Anne with friend, competitor, and sometimes training partner Annette Bednoskey

One of the best things about running is the flexibility. It can be as solitary or social as one desires. I definitely dig the solo runs, when it’s just me and the trail (or my tunes, if it’s an iPod sort of day). I’m also blessed to live in an area in which there are all sorts of group runs — on the track, on the trail, even one that starts (and more importantly, finishes) at a local brewery. But over the years, some of the runs I’ve come to appreciate the most are those shared with a training partner.

While it can be great fun to run with someone new every day, there’s something special that develops when you make the effort to run consistently with the same person.
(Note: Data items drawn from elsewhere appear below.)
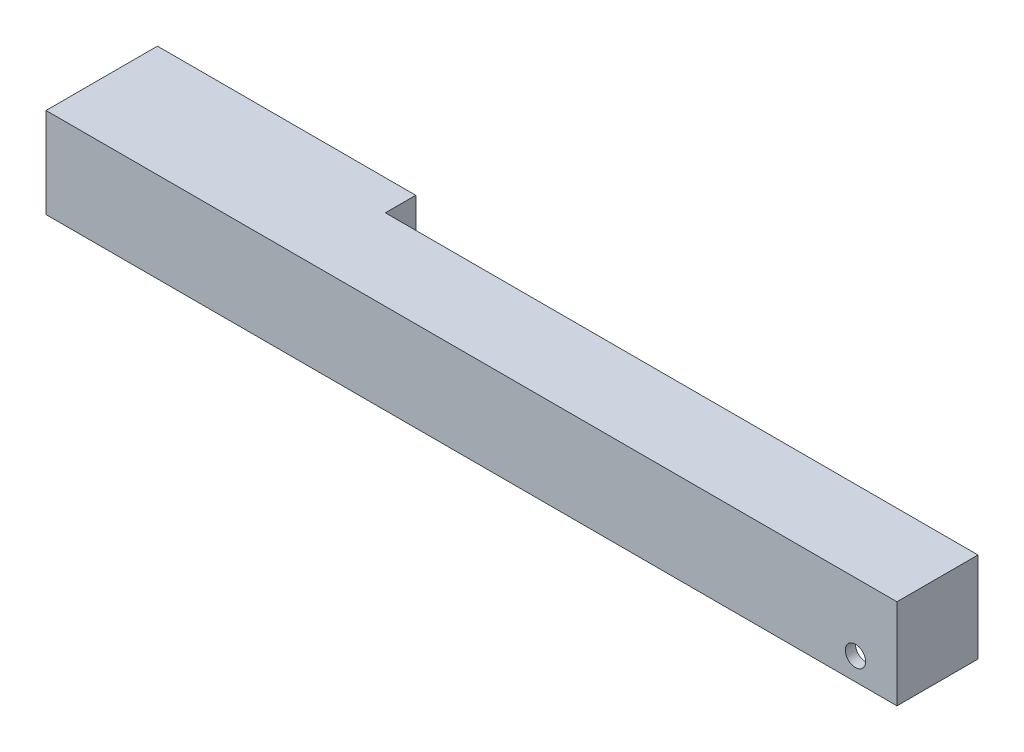
from build123d import *

# Parameters (mm, degrees)
SKETCH1_W           = 168
SKETCH1_H           = 22
BOSS_EXTRUDE1_DEPTH = 17.8
SKETCH8_R           = 2
CUT_EXTRUDE4_DEPTH  = 22
CUT_EXTRUDE2_REACH  = 88.567
SKETCH5_W           = 117
SKETCH5_H           = 6
CUT_EXTRUDE3_DEPTH  = 15.8
BOSS_EXTRUDE3_REACH = 90.164
SKETCH7_W           = 47
SKETCH7_H           = 2


with BuildPart() as part:
    # Sketch1 → Boss-Extrude1 (new body)
    with BuildSketch(Plane(origin=(0, 0, 0), x_dir=(1, 0, 0), z_dir=(0, 1, 0))):
        Rectangle(SKETCH1_W, SKETCH1_H)
    extrude(amount=-BOSS_EXTRUDE1_DEPTH)

    # Sketch8 → Cut-Extrude4 (cut)
    with BuildSketch(Plane.XY.offset(11)):
        with Locations((75.8, -13.35)):
            Circle(SKETCH8_R)
    extrude(amount=-CUT_EXTRUDE4_DEPTH, mode=Mode.SUBTRACT)

    # Cut-Extrude2: up to this face of the body (flat: up to its plane)
    cut_extrude2_end = Plane(part.part.faces().sort_by_distance((0, -17.8, 0))[0])
    # Sketch5 → Cut-Extrude2 (cut, up to the picked face)
    with BuildSketch(Plane(origin=(0, 0, 0), x_dir=(1, 0, 0), z_dir=(0, 1, 0)), mode=Mode.PRIVATE) as cut_extrude2_sk1:
        with Locations((25.5, 8)):
            Rectangle(SKETCH5_W, SKETCH5_H)
    cut_extrude2_tool1 = split(extrude(cut_extrude2_sk1.sketch, amount=-CUT_EXTRUDE2_REACH, mode=Mode.PRIVATE), bisect_by=cut_extrude2_end, keep=Keep.BOTH, mode=Mode.PRIVATE)
    add(cut_extrude2_tool1.solids().sort_by(Axis((25.5, 0, -8), (0, -1, 0)))[0], mode=Mode.SUBTRACT)

    # Sketch6 → Cut-Extrude3 (cut)
    with BuildSketch(Plane.XZ.offset(17.8)):
        Polygon((-82, 9), (-82, -9), (-35, -9), (-35, -3), (82, -3), (82, 9), align=None)
    extrude(amount=-CUT_EXTRUDE3_DEPTH, mode=Mode.SUBTRACT)

    # Boss-Extrude3: up to this face of the body (flat: up to its plane)
    boss_extrude3_end = Plane(part.part.faces().sort_by_distance((-0.369393652, -9.883187228, 9))[0])
    # Sketch7 → Boss-Extrude3 (add, up to the picked face)
    with BuildSketch(Plane.XY.offset(-9), mode=Mode.PRIVATE) as boss_extrude3_sk1:
        with Locations((-58.5, -13.3)):
            Rectangle(SKETCH7_W, SKETCH7_H)
    boss_extrude3_tool1 = split(extrude(boss_extrude3_sk1.sketch, amount=BOSS_EXTRUDE3_REACH, mode=Mode.PRIVATE), bisect_by=boss_extrude3_end, keep=Keep.BOTH, mode=Mode.PRIVATE)
    add(boss_extrude3_tool1.solids().sort_by(Axis((-58.5, -13.3, -9), (0, 0, 1)))[0])


solid = part.part

Gone is the stress that comes with wondering whether your paces will be compatible, or whether the other person will talk too much, or if you’ll have things to talk about at all. What develops is a comfortable familiarity that develops over time, in which a conversation left over from last week can be resumed without pause, and you instinctively know that your partner’s going to grind past you on the next hill but that you’ll catch her on the down.

I’ve had lots of training partners over the years, each relationship different depending on where I was in my running and my life. Some of these folks were people whom I never would’ve gotten to know if it weren’t for our shared passion for running. There was Paul — older, more experienced on the trails and in the profession we had in common. He served as a mentor of sorts on our Saturday long runs, introducing me to the trails of WNC and imparting professional and life wisdom. Brooke, the free spirit whose stories and humor entertained me as we made our way through the darkened early morning streets of North Asheville. Becky, the unbelievably fast college runner who let an old lady tag along on her track workouts and tempo runs. She helped my speed, for sure, and I hope that maybe I served as some sort of post-collegiate role model for her.

Nowadays my most consistent training partner is Nicole. Our runs aren’t particularly long or speedy, but that doesn’t matter. Each Wednesday we meet at the trailhead and for the next hour or so we catch up on life — kids, careers, relationships. We trade training tips, recipes, and fashion advice. Some days, tears are shed as our run becomes a moving therapy session, and other runs are spent celebrating our latest athletic feats or strategizing for an upcoming race. Regardless, it’s a special connection, one that might not have developed off the trail.

For me, every run serves a purpose. Sometimes I run to “train”, sometimes for the scenery, sometimes as an escape from everyday stressors. The runs with my training partner are time to connect, to share in the joy and the pain of running – and of life.